10.12.200912:28 UhrWissenschaft, Forschung, Bildung
Bild: Wandel im Arbeitsmarkt als Chance

(openPR) 3,25 Millionen Menschen haben zwischen Herbst 2008 und Herbst 2009 in Deutschland ihren Job verloren – ein Anstieg gegenüber dem Vorjahreszeitraum um 18 %. Schuld daran ist keineswegs nur die Wirtschaftskrise. Der Arbeitsmarkt ist seit vielen Jahren einem immer rascher werdenden Wandel unterworfen.

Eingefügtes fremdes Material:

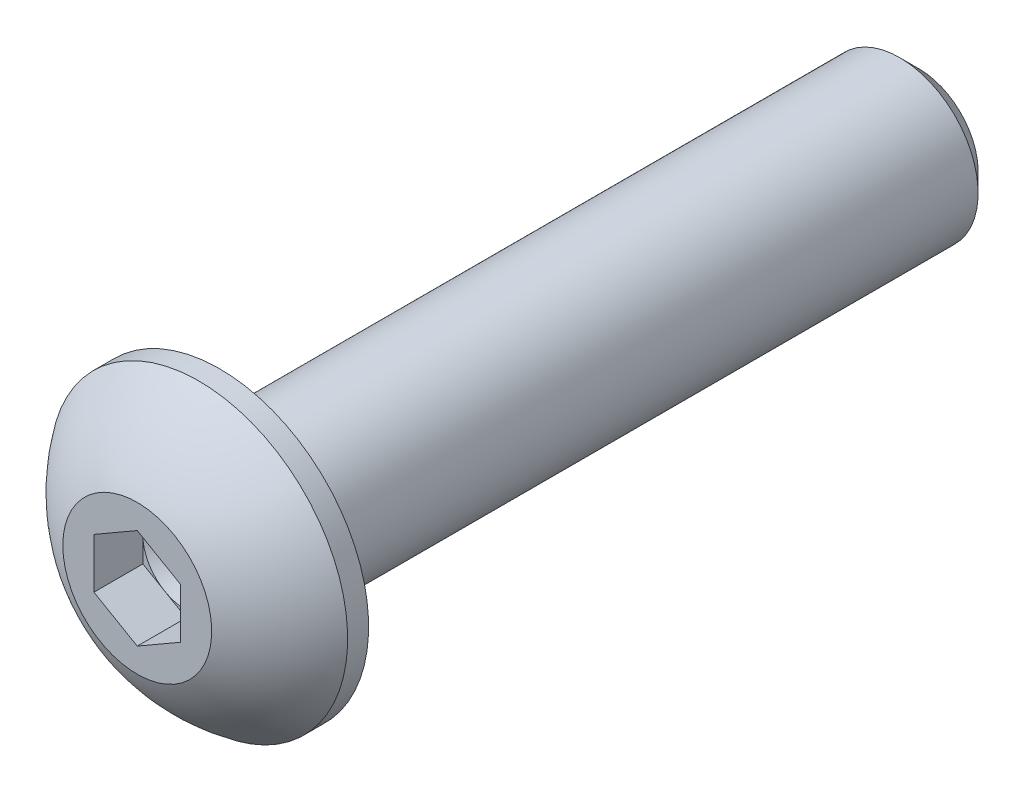
ISO-10303-21;
HEADER;
FILE_DESCRIPTION(('STEP AP214'),'2;1');
FILE_NAME('part.step','',(''),(''),'','','');
FILE_SCHEMA(('AUTOMOTIVE_DESIGN { 1 0 10303 214 1 1 1 1 }'));
ENDSEC;
DATA;
#1=APPLICATION_CONTEXT('core data for automotive mechanical design processes');
#2=APPLICATION_PROTOCOL_DEFINITION('international standard','automotive_design',2000,#1);
#3=PRODUCT_CONTEXT('',#1,'mechanical');
#4=PRODUCT('Part','Part','',(#3));
#5=PRODUCT_RELATED_PRODUCT_CATEGORY('part','',(#4));
#6=PRODUCT_DEFINITION_FORMATION('','',#4);
#7=PRODUCT_DEFINITION_CONTEXT('part definition',#1,'design');
#8=PRODUCT_DEFINITION('design','',#6,#7);
#9=PRODUCT_DEFINITION_SHAPE('','',#8);
#10=(LENGTH_UNIT() NAMED_UNIT(*) SI_UNIT(.MILLI.,.METRE.));
#11=(NAMED_UNIT(*) PLANE_ANGLE_UNIT() SI_UNIT($,.RADIAN.));
#12=(NAMED_UNIT(*) SI_UNIT($,.STERADIAN.) SOLID_ANGLE_UNIT());
#13=UNCERTAINTY_MEASURE_WITH_UNIT(LENGTH_MEASURE(1.E-05),#10,'distance_accuracy_value','');
#14=(GEOMETRIC_REPRESENTATION_CONTEXT(3) GLOBAL_UNCERTAINTY_ASSIGNED_CONTEXT((#13)) GLOBAL_UNIT_ASSIGNED_CONTEXT((#10,
#11,#12)) REPRESENTATION_CONTEXT('',''));
#15=CARTESIAN_POINT('',(0.,0.,0.));
#16=DIRECTION('',(0.,0.,1.));
#17=DIRECTION('',(1.,0.,0.));
#18=AXIS2_PLACEMENT_3D('',#15,#16,#17);
#19=CARTESIAN_POINT('',(0.,0.,-0.889));
#20=DIRECTION('',(0.,0.,1.));
#21=DIRECTION('',(1.,0.,0.));
#22=AXIS2_PLACEMENT_3D('',#19,#20,#21);
#23=PLANE('',#22);
#24=CARTESIAN_POINT('',(0.,0.,-0.889));
#25=DIRECTION('',(0.,0.,1.));
#26=DIRECTION('',(1.,0.,0.));
#27=AXIS2_PLACEMENT_3D('',#24,#25,#26);
#28=CIRCLE('',#27,0.7874);
#29=CARTESIAN_POINT('',(0.7874,0.,-0.889));
#30=VERTEX_POINT('',#29);
#31=CARTESIAN_POINT('',(0.3937,0.681908402939867,-0.889));
#32=VERTEX_POINT('',#31);
#33=EDGE_CURVE('E96',#30,#32,#28,.T.);
#34=ORIENTED_EDGE('',*,*,#33,.F.);
#35=DIRECTION('',(0.,-1.,0.));
#36=VECTOR('',#35,1.);
#37=CARTESIAN_POINT('',(0.7874,0.,-0.889));
#38=LINE('',#37,#36);
#39=CARTESIAN_POINT('',(0.7874,0.454605601959912,-0.889));
#40=VERTEX_POINT('',#39);
#41=EDGE_CURVE('E120',#40,#30,#38,.T.);
#42=ORIENTED_EDGE('',*,*,#41,.F.);
#43=DIRECTION('',(0.866025403784439,-0.5,0.));
#44=VECTOR('',#43,1.);
#45=CARTESIAN_POINT('',(0.3937,0.681908402939867,-0.889));
#46=LINE('',#45,#44);
#47=EDGE_CURVE('E118',#32,#40,#46,.T.);
#48=ORIENTED_EDGE('',*,*,#47,.F.);
#49=EDGE_LOOP('',(#34,#42,#48));
#50=FACE_BOUND('',#49,.T.);
#51=ADVANCED_FACE('F17',(#50),#23,.T.);
#52=CARTESIAN_POINT('',(-0.3937,0.681908402939867,-0.889));
#53=VERTEX_POINT('',#52);
#54=EDGE_CURVE('E98',#32,#53,#28,.T.);
#55=ORIENTED_EDGE('',*,*,#54,.F.);
#56=CARTESIAN_POINT('',(0.,0.909211203919823,-0.889));
#57=VERTEX_POINT('',#56);
#58=EDGE_CURVE('E113',#57,#32,#46,.T.);
#59=ORIENTED_EDGE('',*,*,#58,.F.);
#60=DIRECTION('',(0.866025403784439,0.5,0.));
#61=VECTOR('',#60,1.);
#62=CARTESIAN_POINT('',(-0.3937,0.681908402939867,-0.889));
#63=LINE('',#62,#61);
#64=EDGE_CURVE('E114',#53,#57,#63,.T.);
#65=ORIENTED_EDGE('',*,*,#64,.F.);
#66=EDGE_LOOP('',(#55,#59,#65));
#67=FACE_BOUND('',#66,.T.);
#68=ADVANCED_FACE('F111',(#67),#23,.T.);
#69=CARTESIAN_POINT('',(-0.7874,0.,-0.889));
#70=VERTEX_POINT('',#69);
#71=EDGE_CURVE('E117',#53,#70,#28,.T.);
#72=ORIENTED_EDGE('',*,*,#71,.F.);
#73=CARTESIAN_POINT('',(-0.7874,0.454605601959911,-0.889));
#74=VERTEX_POINT('',#73);
#75=EDGE_CURVE('E135',#74,#53,#63,.T.);
#76=ORIENTED_EDGE('',*,*,#75,.F.);
#77=DIRECTION('',(0.,1.,0.));
#78=VECTOR('',#77,1.);
#79=CARTESIAN_POINT('',(-0.7874,0.,-0.889));
#80=LINE('',#79,#78);
#81=EDGE_CURVE('E139',#70,#74,#80,.T.);
#82=ORIENTED_EDGE('',*,*,#81,.F.);
#83=EDGE_LOOP('',(#72,#76,#82));
#84=FACE_BOUND('',#83,.T.);
#85=ADVANCED_FACE('F228',(#84),#23,.T.);
#86=CARTESIAN_POINT('',(-0.3937,-0.681908402939867,-0.889));
#87=VERTEX_POINT('',#86);
#88=EDGE_CURVE('E253',#70,#87,#28,.T.);
#89=ORIENTED_EDGE('',*,*,#88,.F.);
#90=CARTESIAN_POINT('',(-0.7874,-0.454605601959911,-0.889));
#91=VERTEX_POINT('',#90);
#92=EDGE_CURVE('E140',#91,#70,#80,.T.);
#93=ORIENTED_EDGE('',*,*,#92,.F.);
#94=DIRECTION('',(-0.866025403784439,0.5,0.));
#95=VECTOR('',#94,1.);
#96=CARTESIAN_POINT('',(-0.3937,-0.681908402939867,-0.889));
#97=LINE('',#96,#95);
#98=EDGE_CURVE('E144',#87,#91,#97,.T.);
#99=ORIENTED_EDGE('',*,*,#98,.F.);
#100=EDGE_LOOP('',(#89,#93,#99));
#101=FACE_BOUND('',#100,.T.);
#102=ADVANCED_FACE('F240',(#101),#23,.T.);
#103=CARTESIAN_POINT('',(0.3937,-0.681908402939867,-0.889));
#104=VERTEX_POINT('',#103);
#105=EDGE_CURVE('E33',#87,#104,#28,.T.);
#106=ORIENTED_EDGE('',*,*,#105,.F.);
#107=CARTESIAN_POINT('',(0.,-0.909211203919823,-0.889));
#108=VERTEX_POINT('',#107);
#109=EDGE_CURVE('E145',#108,#87,#97,.T.);
#110=ORIENTED_EDGE('',*,*,#109,.F.);
#111=DIRECTION('',(-0.866025403784438,-0.5,0.));
#112=VECTOR('',#111,1.);
#113=CARTESIAN_POINT('',(0.3937,-0.681908402939867,-0.889));
#114=LINE('',#113,#112);
#115=EDGE_CURVE('E149',#104,#108,#114,.T.);
#116=ORIENTED_EDGE('',*,*,#115,.F.);
#117=EDGE_LOOP('',(#106,#110,#116));
#118=FACE_BOUND('',#117,.T.);
#119=ADVANCED_FACE('F233',(#118),#23,.T.);
#120=CARTESIAN_POINT('',(-0.676275,0.,0.));
#121=DIRECTION('',(0.,0.,1.));
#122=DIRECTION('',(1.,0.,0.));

Verantwortlich dafür ist unter anderem der rasante technische Fortschritt. Hightech-Unternehmen werden oft durch eine bahnbrechende Neuentwicklung über Nacht zu Marktführern. Sie verschwinden aber ebenso schnell wieder in der Versenkung, sobald ihr Produkt nicht mehr up to date ist – und das dauert unter heutigen Bedingungen manchmal nur wenige Jahre. Aber auch Firmen, die über einen langen Zeitraum scheinbar stabil geblieben sind, nehmen immer häufiger strukturelle Veränderungen vor, die massive Auswirkungen auf die Beschäftigten haben. Denn der Wettbewerbsdruck auf den internationalisierten Märkten ist hart geworden.

Die Folge dieser Entwicklungen: Der Arbeitnehmer von heute muss sich vom einstigen Ideal der „Lebensstellung“ verabschieden. Und das gilt für Führungskräfte genauso wie für „kleine“ Angestellte.

Grund zum Jammern? Im Gegenteil, meint Sönke Clausen, langjähriger Personalberater und Coach und Autor des Buches „Hallo Karriere! Erfolgreich in Bewerbung und Beruf“. Er sieht den Arbeitnehmer als Anbieter auf einem Markt und ermutigt ihn, mit dieser Situation positiv umzugehen: „Umso wichtiger ist es für den Anbieter im Arbeitsmarkt, den ‚Arbeitsanbieter‘, sich den aktuellen Veränderungen schnell und flexibel anzupassen und die Chance im Wandel zu suchen, zu finden und zu nutzen!“, so sein Credo.

Sein Buch hat für jeden, der gerade auf der Suche nach dem neuen Job ist, eine Menge von konkreten und detaillierten Hinweisen und Tipps bereit – bis hin zu Muster-Bewerbungs¬schreiben, Gesprächssituationen aus Vorstellungsgesprächen und zahlreichen Internet¬adressen von Personalberatungen und Jobbörsen. Aber beispielsweise auch dem richtigen Verhalten in der Probezeit ist ein ausführliches Kapitel gewidmet.

Daran sieht man, dass wir mit „Hallo Karriere“ wesentlich mehr vor uns haben als einen klassischen Bewerbungsratgeber. Denn worum es Clausen geht, ist eine stimmige und realistische Karriere¬strategie für Arbeitnehmer. Die Fragen, die dieser sich zuerst stellen muss, sind: „Was kann ich?“ und „Was will ich?“. So kann jeder sein eigenes, individuelles „Profil“ entwickeln, das er dann wiederum zielgerichtet vermarktet – ganz im Sinne des zitierten „Arbeitsanbieters“, der seine Chance sucht und findet.